Peroxide ey? Will give that a try with the next algae issue.. Personally I'm not ready for shrimp and snails but my wife keeps badgering me on a nano shrimp tank.. Just feels like lots can go wrong with shrimp being so intolerant of nitrates..


----------



## Deathdealer91 (Jul 23, 2014)

Tetra234 said:


> Peroxide ey? Will give that a try with the next algae issue.. Personally I'm not ready for shrimp and snails but my wife keeps badgering me on a nano shrimp tank.. Just feels like lots can go wrong with shrimp being so intolerant of nitrates..

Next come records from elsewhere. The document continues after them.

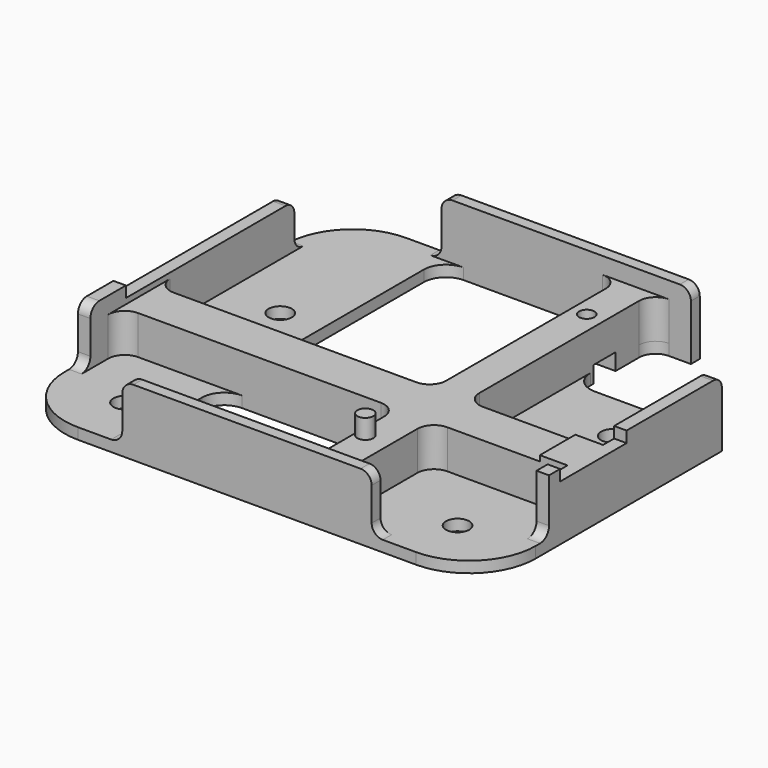
from build123d import *

# Parameters (mm, degrees)
F0_W      = 85
F0_H      = 74
F0_R      = 2.1
F1_DEPTH  = 12
F2_W      = 80.5
F2_H      = 70
F2_R      = 2.1
F3_DEPTH  = 10
F4_W      = 6
F4_H      = 42
F4_W_2    = 49.8
F4_H_2    = 8
F4_W_3    = 24.7
F4_H_3    = 20
F5_DEPTH  = 7
F6_R      = 1.45
F7_DEPTH  = 3.5
F8_W      = 2.25
F8_H      = 38
F9_DEPTH  = 2
F11_DEPTH = 10
F12_W     = 2.25
F12_H     = 15
F13_DEPTH = 2
F14_R     = 12
F15_R     = 3
F17_DEPTH = 2
F19_DEPTH = 2
F21_DEPTH = 2
F22_R     = 4
F23_R     = 2
F6_R_2    = 1.4
F24_DEPTH = 9
F25_W     = 6
F25_H     = 5
F25_R     = 1.4
F26_DEPTH = 3
F27_W     = 5
F27_H     = 8
F28_DEPTH = 1


with BuildPart() as f1:
    # F0 (on Top) → F1 (new body)
    with BuildSketch(Plane.XY):
        Rectangle(F0_W, F0_H)
        with Locations((-30, -27)):
            Circle(F0_R, mode=Mode.SUBTRACT)
        with Locations((30, -27)):
            Circle(F0_R, mode=Mode.SUBTRACT)
        with Locations((-30, 8)):
            Circle(F0_R, mode=Mode.SUBTRACT)
        with Locations((30, 8)):
            Circle(F0_R, mode=Mode.SUBTRACT)
    extrude(amount=F1_DEPTH)

    # F2 (on face) → F3 (cut)
    with BuildSketch(Plane.XY.offset(12)):
        Rectangle(F2_W, F2_H)
        with Locations((-30, -27)):
            Circle(F2_R, mode=Mode.SUBTRACT)
        with Locations((30, -27)):
            Circle(F2_R, mode=Mode.SUBTRACT)
        with Locations((-30, 8)):
            Circle(F2_R, mode=Mode.SUBTRACT)
        with Locations((30, 8)):
            Circle(F2_R, mode=Mode.SUBTRACT)
    extrude(amount=-F3_DEPTH, mode=Mode.SUBTRACT)

    # F4 (on face) → F5 (join)
    with BuildSketch(Plane.XY.offset(2)):
        with Locations((12.55, 14)):
            Rectangle(F4_W, F4_H)
        with Locations((-15.35, -11)):
            Rectangle(F4_W_2, F4_H_2)
        with Locations((12.55, -11)):
            Rectangle(F4_W, F4_H_2)
        with Locations((27.9, -11)):
            Rectangle(F4_W_3, F4_H_2)
        with Locations((12.55, -25)):
            Rectangle(F4_W, F4_H_3)
    extrude(amount=F5_DEPTH)

    # F6 (on face) → F7 (join)
    with BuildSketch(Plane.XY.offset(9)):
        with Locations((11.05, -24.1)):
            Circle(F6_R)
    extrude(amount=F7_DEPTH)

    # F8 (on face) → F9 (cut)
    with BuildSketch(Plane.XY.offset(12)):
        with Locations((-41.375, 5)):
            Rectangle(F8_W, F8_H)
    extrude(amount=-F9_DEPTH, mode=Mode.SUBTRACT)

    # F10 (on face) → F11 (cut, through all)
    with BuildSketch(Plane.XY.offset(12)):
        Polygon((-42.5, 37), (-42.5, 24), (-40.25, 24), (-40.25, 35), (-22.5, 35), (-22.5, 37), align=None)
        Polygon((42.5, 37), (22.5, 37), (22.5, 35), (40.25, 35), (40.25, 17), (42.5, 17), align=None)
        Polygon((42.5, -37), (42.5, -22), (40.25, -22), (40.25, -35), (22.5, -35), (22.5, -37), align=None)
        Polygon((-42.5, -37), (-22.5, -37), (-22.5, -35), (-40.25, -35), (-40.25, -22), (-42.5, -22), align=None)
    extrude(amount=-F11_DEPTH, mode=Mode.SUBTRACT)

    # F12 (on face) → F13 (cut)
    with BuildSketch(Plane.XY.offset(12)):
        with Locations((41.375, -12)):
            Rectangle(F12_W, F12_H)
    extrude(amount=-F13_DEPTH, mode=Mode.SUBTRACT)

    # F14
    f14_edges = [f1.edges().sort_by_distance(p)[0] for p in [
        (-42.5, 37, 1),
        (-42.5, -37, 1),
        (42.5, -37, 1),
        (42.5, 37, 1),
    ]]
    fillet(f14_edges, radius=F14_R)

    # F15
    f15_edges = [f1.edges().sort_by_distance(p)[0] for p in [
        (9.55, -7, 5.5),
        (9.55, -15, 5.5),
        (15.55, -15, 5.5),
        (15.55, -7, 5.5),
        (-40.25, -7, 5.5),
        (-40.25, -15, 5.5),
        (9.55, 35, 5.5),
        (15.55, 35, 5.5),
        (9.55, -35, 5.5),
        (40.25, -15, 5.5),
        (15.55, -35, 5.5),
    ]]
    fillet(f15_edges, radius=F15_R)

    # F16 (on face) → F17 (cut, through all)
    with BuildSketch(Plane.XY.offset(2)):
        with BuildLine():
            ThreePointArc((9.55, -18), (8.6713203436, -15.8786796564), (6.55, -15))
            Line((6.55, -15), (-22.5, -15))
            Line((-22.5, -15), (-22.5, -35))
            Line((-22.5, -35), (6.55, -35))
            ThreePointArc((6.55, -35), (8.6713203436, -34.1213203436), (9.55, -32))
            Line((9.55, -32), (9.55, -18))
        make_face()
    extrude(amount=-F17_DEPTH, mode=Mode.SUBTRACT)

    # F18 (on face) → F19 (cut, through all)
    with BuildSketch(Plane.XY.offset(2)):
        with BuildLine():
            Line((-22.5, 35), (-22.5, -7))
            Line((-22.5, -7), (6.55, -7))
            ThreePointArc((6.55, -7), (8.6713203436, -6.1213203436), (9.55, -4))
            Line((9.55, -4), (9.55, 32))
            ThreePointArc((9.55, 32), (8.6713203436, 34.1213203436), (6.55, 35))
            Line((6.55, 35), (-22.5, 35))
        make_face()
    extrude(amount=-F19_DEPTH, mode=Mode.SUBTRACT)

    # F20 (on face) → F21 (cut, through all)
    with BuildSketch(Plane.XY.offset(2)):
        with BuildLine():
            ThreePointArc((18.55, 35), (16.4286796564, 34.1213203436), (15.55, 32))
            Line((15.55, 32), (15.55, 17))
            Line((15.55, 17), (40.25, 17))
            Line((40.25, 17), (42.5, 17))
            Line((42.5, 17), (42.5, 25))
            ThreePointArc((42.5, 25), (38.9852813742, 33.4852813742), (30.5, 37))
            Line((30.5, 37), (22.5, 37))
            Line((22.5, 37), (22.5, 35))
            Line((22.5, 35), (18.55, 35))
        make_face()
    extrude(amount=-F21_DEPTH, mode=Mode.SUBTRACT)

    # F22
    f22_edges = [f1.edges().sort_by_distance(p)[0] for p in [
        (-22.5, 35, 1),
        (-22.5, -7, 1),
        (15.55, 17, 1),
        (-22.5, -15, 1),
        (-22.5, -35, 1),
    ]]
    fillet(f22_edges, radius=F22_R)

    # F23
    f23_edges = [f1.edges().sort_by_distance(p)[0] for p in [
        (-22.5, -36, 12),
        (22.5, -36, 12),
        (-41.375, -22, 12),
        (-22.5, 36, 12),
        (-22.5, 36, 2),
        (22.5, 36, 12),
        (41.375, 17, 12),
        (-41.375, 24, 10),
        (-22.5, -36, 2),
        (22.5, -36, 2),
        (41.375, -22, 2),
        (-41.375, -22, 2),
        (-41.375, 24, 2),
    ]]
    fillet(f23_edges, radius=F23_R)

    # F6 (on face) → F24 (cut, through all)
    with BuildSketch(Plane.XY.offset(9)):
        with Locations((12.35, 24.2)):
            Circle(F6_R_2)
    extrude(amount=-F24_DEPTH, mode=Mode.SUBTRACT)

    # F25 (on face) → F26 (cut)
    with BuildSketch(Plane(origin=(0, 0, 0), x_dir=(1, 0, 0), z_dir=(0, 0, -1))):
        with Locations((12.55, -24.2)):
            Rectangle(F25_W, F25_H)
        with Locations((12.35, -24.2)):
            Circle(F25_R, mode=Mode.SUBTRACT)
    extrude(amount=-F26_DEPTH, mode=Mode.SUBTRACT)

    # F27 (on face) → F28 (join, through all)
    with BuildSketch(Plane.XY.offset(9)):
        with Locations((37.75, -11)):
            Rectangle(F27_W, F27_H)
    extrude(amount=F28_DEPTH)


solid = f1.part
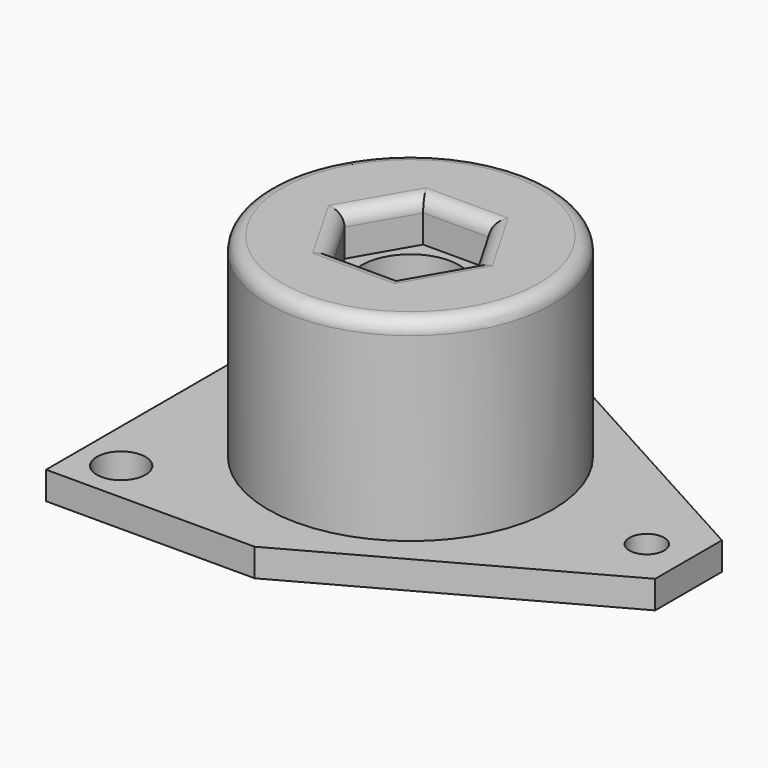
from build123d import *

# Parameters (mm, degrees)
F0_R     = 1.25
F0_R_2   = 1.75
F1_DEPTH = 2
F2_R     = 10.25
F2_R_2   = 3.5
F3_DEPTH = 14
F4_R     = 3.5
F5_DEPTH = 3
F6_R     = 1


with BuildPart() as f1:
    # F0 (on Top) → F1 (new body)
    with BuildSketch(Plane.XY):
        with BuildLine():
            ThreePointArc((0, 3.5), (2.474874, 2.474874), (3.5, 0))
            ThreePointArc((3.5, 0), (2.474874, -2.474874), (0, -3.5))
            Line((0, -3.5), (0, -14))
            Line((0, -14), (20, -3))
            Line((20, -3), (20, 0))
            Line((20, 0), (20, 3))
            Line((20, 3), (0, 14))
            Line((0, 14), (0, 3.5))
        make_face()
        with Locations((17, 0)):
            Circle(F0_R, mode=Mode.SUBTRACT)
        with BuildLine():
            ThreePointArc((0, -3.5), (-3.5, 0), (0, 3.5))
            Line((0, 3.5), (0, 14))
            Line((0, 14), (-15, 14))
            Line((-15, 14), (-15, -14))
            Line((-15, -14), (0, -14))
            Line((0, -14), (0, -3.5))
        make_face()
        with Locations((-12, -11)):
            Circle(F0_R_2, mode=Mode.SUBTRACT)
        with Locations((-12, 11)):
            Circle(F0_R_2, mode=Mode.SUBTRACT)
    extrude(amount=F1_DEPTH)

    # F2 (on face) → F3 (join)
    with BuildSketch(Plane.XY.offset(2)):
        Circle(F2_R)
        Circle(F2_R_2, mode=Mode.SUBTRACT)
    extrude(amount=F3_DEPTH)

    # F4 (on face) → F5 (cut)
    with BuildSketch(Plane.XY.offset(16)):
        Polygon((-2.367136, -4.1), (2.367136, -4.1), (4.734272, 0), (2.367136, 4.1), (-2.367136, 4.1), (-4.734272, 0), align=None)
        Circle(F4_R, mode=Mode.SUBTRACT)
    extrude(amount=-F5_DEPTH, mode=Mode.SUBTRACT)

    # F6
    f6_edges = [f1.edges().sort_by_distance(p)[0] for p in [
        (-3.550704, 2.05, 16),
        (0, 4.1, 16),
        (3.550704, 2.05, 16),
        (3.550704, -2.05, 16),
        (0, -4.1, 16),
        (-3.550704, -2.05, 16),
        (-10.25, 0, 16),
    ]]
    fillet(f6_edges, radius=F6_R)


solid = f1.part

Yea they can be finicky at times but once you got it you got it.


----------



## emeraldking (Apr 30, 2010)

And do they have fry already...?


----------



## Gamegurl (4 mo ago)

Whats bba? And dang DD thats looking so nice. wtg


----------



## susankat (Nov 15, 2008)

bba = black beard algae


----------



## Gamegurl (4 mo ago)

susankat said:


> bba = black beard algae


Sounds nasty


----------



## Deathdealer91 (Jul 23, 2014)

emeraldking said:


> And do they have fry already...?


Yes. Put them into another tank thats bigger. And its my grow out tank also. Had nothing but plants but now it houses baby guppies.


----------



## Deathdealer91 (Jul 23, 2014)

Gamegurl said:


> Whats bba? And dang DD thats looking so nice. wtg


Thank you 😊


----------



## Deathdealer91 (Jul 23, 2014)

Gamegurl said:


> Sounds nasty


Oh it is. Or can be. But I think I've got it under control now. Thank the fish lord


----------



## Tetra234 (1 mo ago)

Gamegurl said:


> Sounds nasty


Bba is just so very ugly..


----------



## Deathdealer91 (Jul 23, 2014)

Tetra234 said:


> Bba is just so very ugly..


That it is. Most algae is nasty


----------